## Records for the exercise
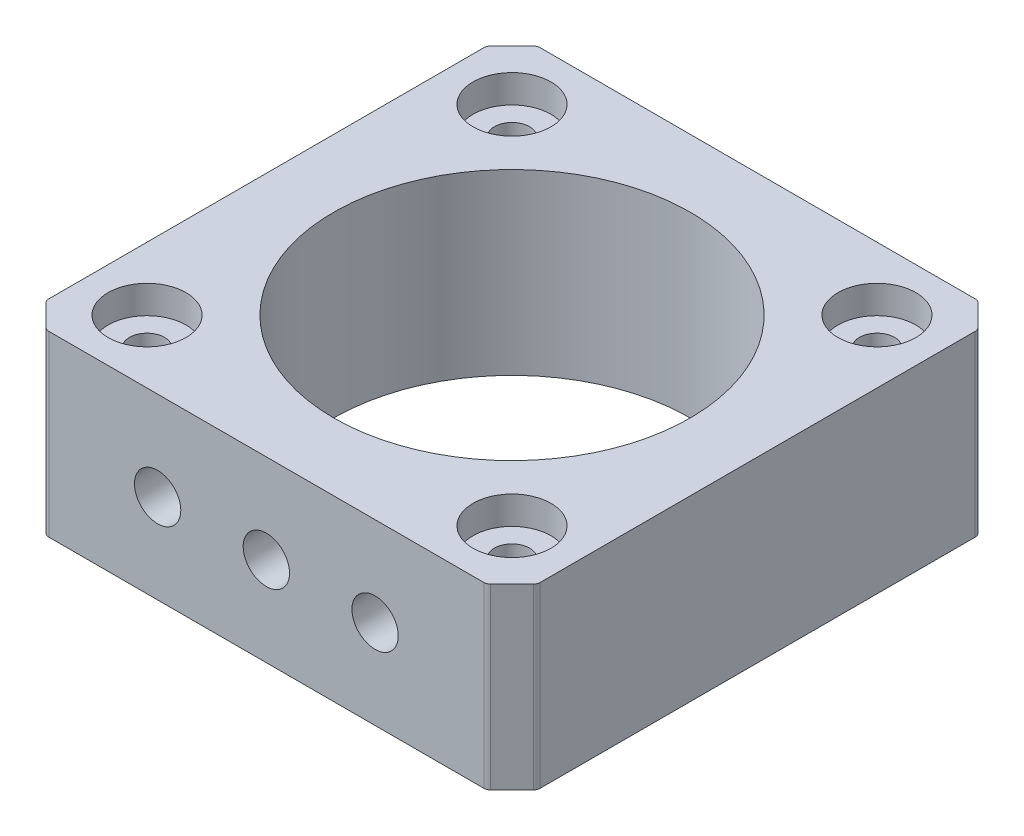
from build123d import *

# Parameters (mm, degrees)
SKETCH1_R           = 12.7
SKETCH1_R_2         = 1.65
BOSS_EXTRUDE1_DEPTH = 12.7
SKETCH2_R           = 1.65
CUT_EXTRUDE1_DEPTH  = 12.7
SKETCH3_R           = 2.77495
CUT_EXTRUDE3_DEPTH  = 1.99898
SKETCH7_R           = 1.65
BOSS_EXTRUDE2_DEPTH = 10.70102
SKETCH8_R           = 1.65
BOSS_EXTRUDE3_DEPTH = 10.70102
SKETCH9_R           = 1.65
BOSS_EXTRUDE4_DEPTH = 10.70102
SKETCH10_R          = 1.65
BOSS_EXTRUDE5_DEPTH = 10.70102
SKETCH12_R          = 1.25
CUT_EXTRUDE4_DEPTH  = 12.7
SKETCH11_R          = 1.25
CUT_EXTRUDE5_DEPTH  = 12.7


with BuildPart() as part:
    # Sketch1 → Boss-Extrude1 (new body)
    with BuildSketch(Plane(origin=(0, 0, 0), x_dir=(1, 0, 0), z_dir=(0, 1, 0))):
        with BuildLine():
            Line((21.686311219, 59.206008809), (23.227161891, 57.665158137))
            ThreePointArc((23.227161891, 57.665158137), (23.323849078, 57.508955756), (23.357596674, 57.328376976))
            Line((23.357596674, 57.328376976), (23.357596674, 26.344510207))
            ThreePointArc((23.357596674, 26.344510207), (23.323849078, 26.163931427), (23.227161891, 26.007729046))
            Line((23.227161891, 26.007729046), (21.686311219, 24.466878374))
            ThreePointArc((21.686311219, 24.466878374), (21.530108838, 24.370191187), (21.349530059, 24.336443591))
            Line((21.349530059, 24.336443591), (-9.634336711, 24.336443591))
            ThreePointArc((-9.634336711, 24.336443591), (-9.814915491, 24.370191187), (-9.971117871, 24.466878374))
            Line((-9.971117871, 24.466878374), (-11.511968543, 26.007729046))
            ThreePointArc((-11.511968543, 26.007729046), (-11.60865573, 26.163931427), (-11.642403326, 26.344510207))
            Line((-11.642403326, 26.344510207), (-11.642403326, 57.328376976))
            ThreePointArc((-11.642403326, 57.328376976), (-11.60865573, 57.508955756), (-11.511968543, 57.665158137))
            Line((-11.511968543, 57.665158137), (-9.971117871, 59.206008809))
            ThreePointArc((-9.971117871, 59.206008809), (-9.814915491, 59.302695995), (-9.634336711, 59.336443591))
            Line((-9.634336711, 59.336443591), (21.349530059, 59.336443591))
            ThreePointArc((21.349530059, 59.336443591), (21.530108838, 59.302695995), (21.686311219, 59.206008809))
        make_face()
        with Locations(Location((5.857596674, 41.836443591, 0), (0, 0, 90))):
            Circle(SKETCH1_R, mode=Mode.SUBTRACT)
        with Locations(Location((18.857596674, 54.836443591, 0), (0, 0, 90))):
            Circle(SKETCH1_R_2, mode=Mode.SUBTRACT)
        with Locations(Location((18.857596674, 28.836443591, 0), (0, 0, 90))):
            Circle(SKETCH1_R_2, mode=Mode.SUBTRACT)
        with Locations(Location((-7.142403326, 54.836443591, 0), (0, 0, 90))):
            Circle(SKETCH1_R_2, mode=Mode.SUBTRACT)
        with Locations(Location((-7.142403326, 28.836443591, 0), (0, 0, 90))):
            Circle(SKETCH1_R_2, mode=Mode.SUBTRACT)
    extrude(amount=BOSS_EXTRUDE1_DEPTH)

    # Sketch2 → Cut-Extrude1 (cut)
    with BuildSketch(Plane.XY.offset(-24.336443591)):
        with Locations((-1.888370018, 6.35)):
            Circle(SKETCH2_R)
        with Locations((13.603563366, 6.35)):
            Circle(SKETCH2_R)
        with Locations((5.857596674, 6.35)):
            Circle(SKETCH2_R)
    extrude(amount=-CUT_EXTRUDE1_DEPTH, mode=Mode.SUBTRACT)

    # Sketch3 → Cut-Extrude3 (cut)
    with BuildSketch(Plane(origin=(0, 12.7, 0), x_dir=(1, 0, 0), z_dir=(0, 1, 0))):
        with Locations(Location((-7.142403326, 54.836443591, 0), (0, 0, 270))):
            Circle(SKETCH3_R)
        with Locations(Location((18.857596674, 54.836443591, 0), (0, 0, 270))):
            Circle(SKETCH3_R)
        with Locations(Location((-7.142403326, 28.836443591, 0), (0, 0, 270))):
            Circle(SKETCH3_R)
        with Locations(Location((18.857596674, 28.836443591, 0), (0, 0, 270))):
            Circle(SKETCH3_R)
    extrude(amount=-CUT_EXTRUDE3_DEPTH, mode=Mode.SUBTRACT)

    # Sketch7 → Boss-Extrude2 (add, through all)
    with BuildSketch(Plane(origin=(0, 10.70102, 0), x_dir=(1, 0, 0), z_dir=(0, 1, 0))):
        with Locations((-7.142403326, 28.836443591)):
            Circle(SKETCH7_R)
    extrude(amount=-BOSS_EXTRUDE2_DEPTH)

    # Sketch8 → Boss-Extrude3 (add, through all)
    with BuildSketch(Plane(origin=(0, 10.70102, 0), x_dir=(1, 0, 0), z_dir=(0, 1, 0))):
        with Locations((-7.142403326, 54.836443591)):
            Circle(SKETCH8_R)
    extrude(amount=-BOSS_EXTRUDE3_DEPTH)

    # Sketch9 → Boss-Extrude4 (add, through all)
    with BuildSketch(Plane(origin=(0, 10.70102, 0), x_dir=(1, 0, 0), z_dir=(0, 1, 0))):
        with Locations((18.857596674, 54.836443591)):
            Circle(SKETCH9_R)
    extrude(amount=-BOSS_EXTRUDE4_DEPTH)

    # Sketch10 → Boss-Extrude5 (add, through all)
    with BuildSketch(Plane(origin=(0, 10.70102, 0), x_dir=(1, 0, 0), z_dir=(0, 1, 0))):
        with Locations((18.857596674, 28.836443591)):
            Circle(SKETCH10_R)
    extrude(amount=-BOSS_EXTRUDE5_DEPTH)

    # Sketch12 → Cut-Extrude4 (cut)
    with BuildSketch(Plane(origin=(0, 10.70102, 0), x_dir=(1, 0, 0), z_dir=(0, 1, 0))):
        with Locations(Location((18.857596674, 54.836443591, 0), (0, 0, 270))):
            Circle(SKETCH12_R)
        with Locations(Location((-7.142403326, 28.836443591, 0), (0, 0, 270))):
            Circle(SKETCH12_R)
        with Locations(Location((18.857596674, 28.836443591, 0), (0, 0, 270))):
            Circle(SKETCH12_R)
    extrude(amount=-CUT_EXTRUDE4_DEPTH, mode=Mode.SUBTRACT)

    # Sketch11 → Cut-Extrude5 (cut)
    with BuildSketch(Plane(origin=(0, 10.70102, 0), x_dir=(1, 0, 0), z_dir=(0, 1, 0))):
        with Locations(Location((-7.142403326, 54.836443591, 0), (0, 0, 270))):
            Circle(SKETCH11_R)
    extrude(amount=-CUT_EXTRUDE5_DEPTH, mode=Mode.SUBTRACT)


solid = part.part

## What the task asks
To answer, copy each line from the material above that has the word "through".

## Result for this task
    # Sketch7 → Boss-Extrude2 (add, through all)
    # Sketch8 → Boss-Extrude3 (add, through all)
    # Sketch9 → Boss-Extrude4 (add, through all)
    # Sketch10 → Boss-Extrude5 (add, through all)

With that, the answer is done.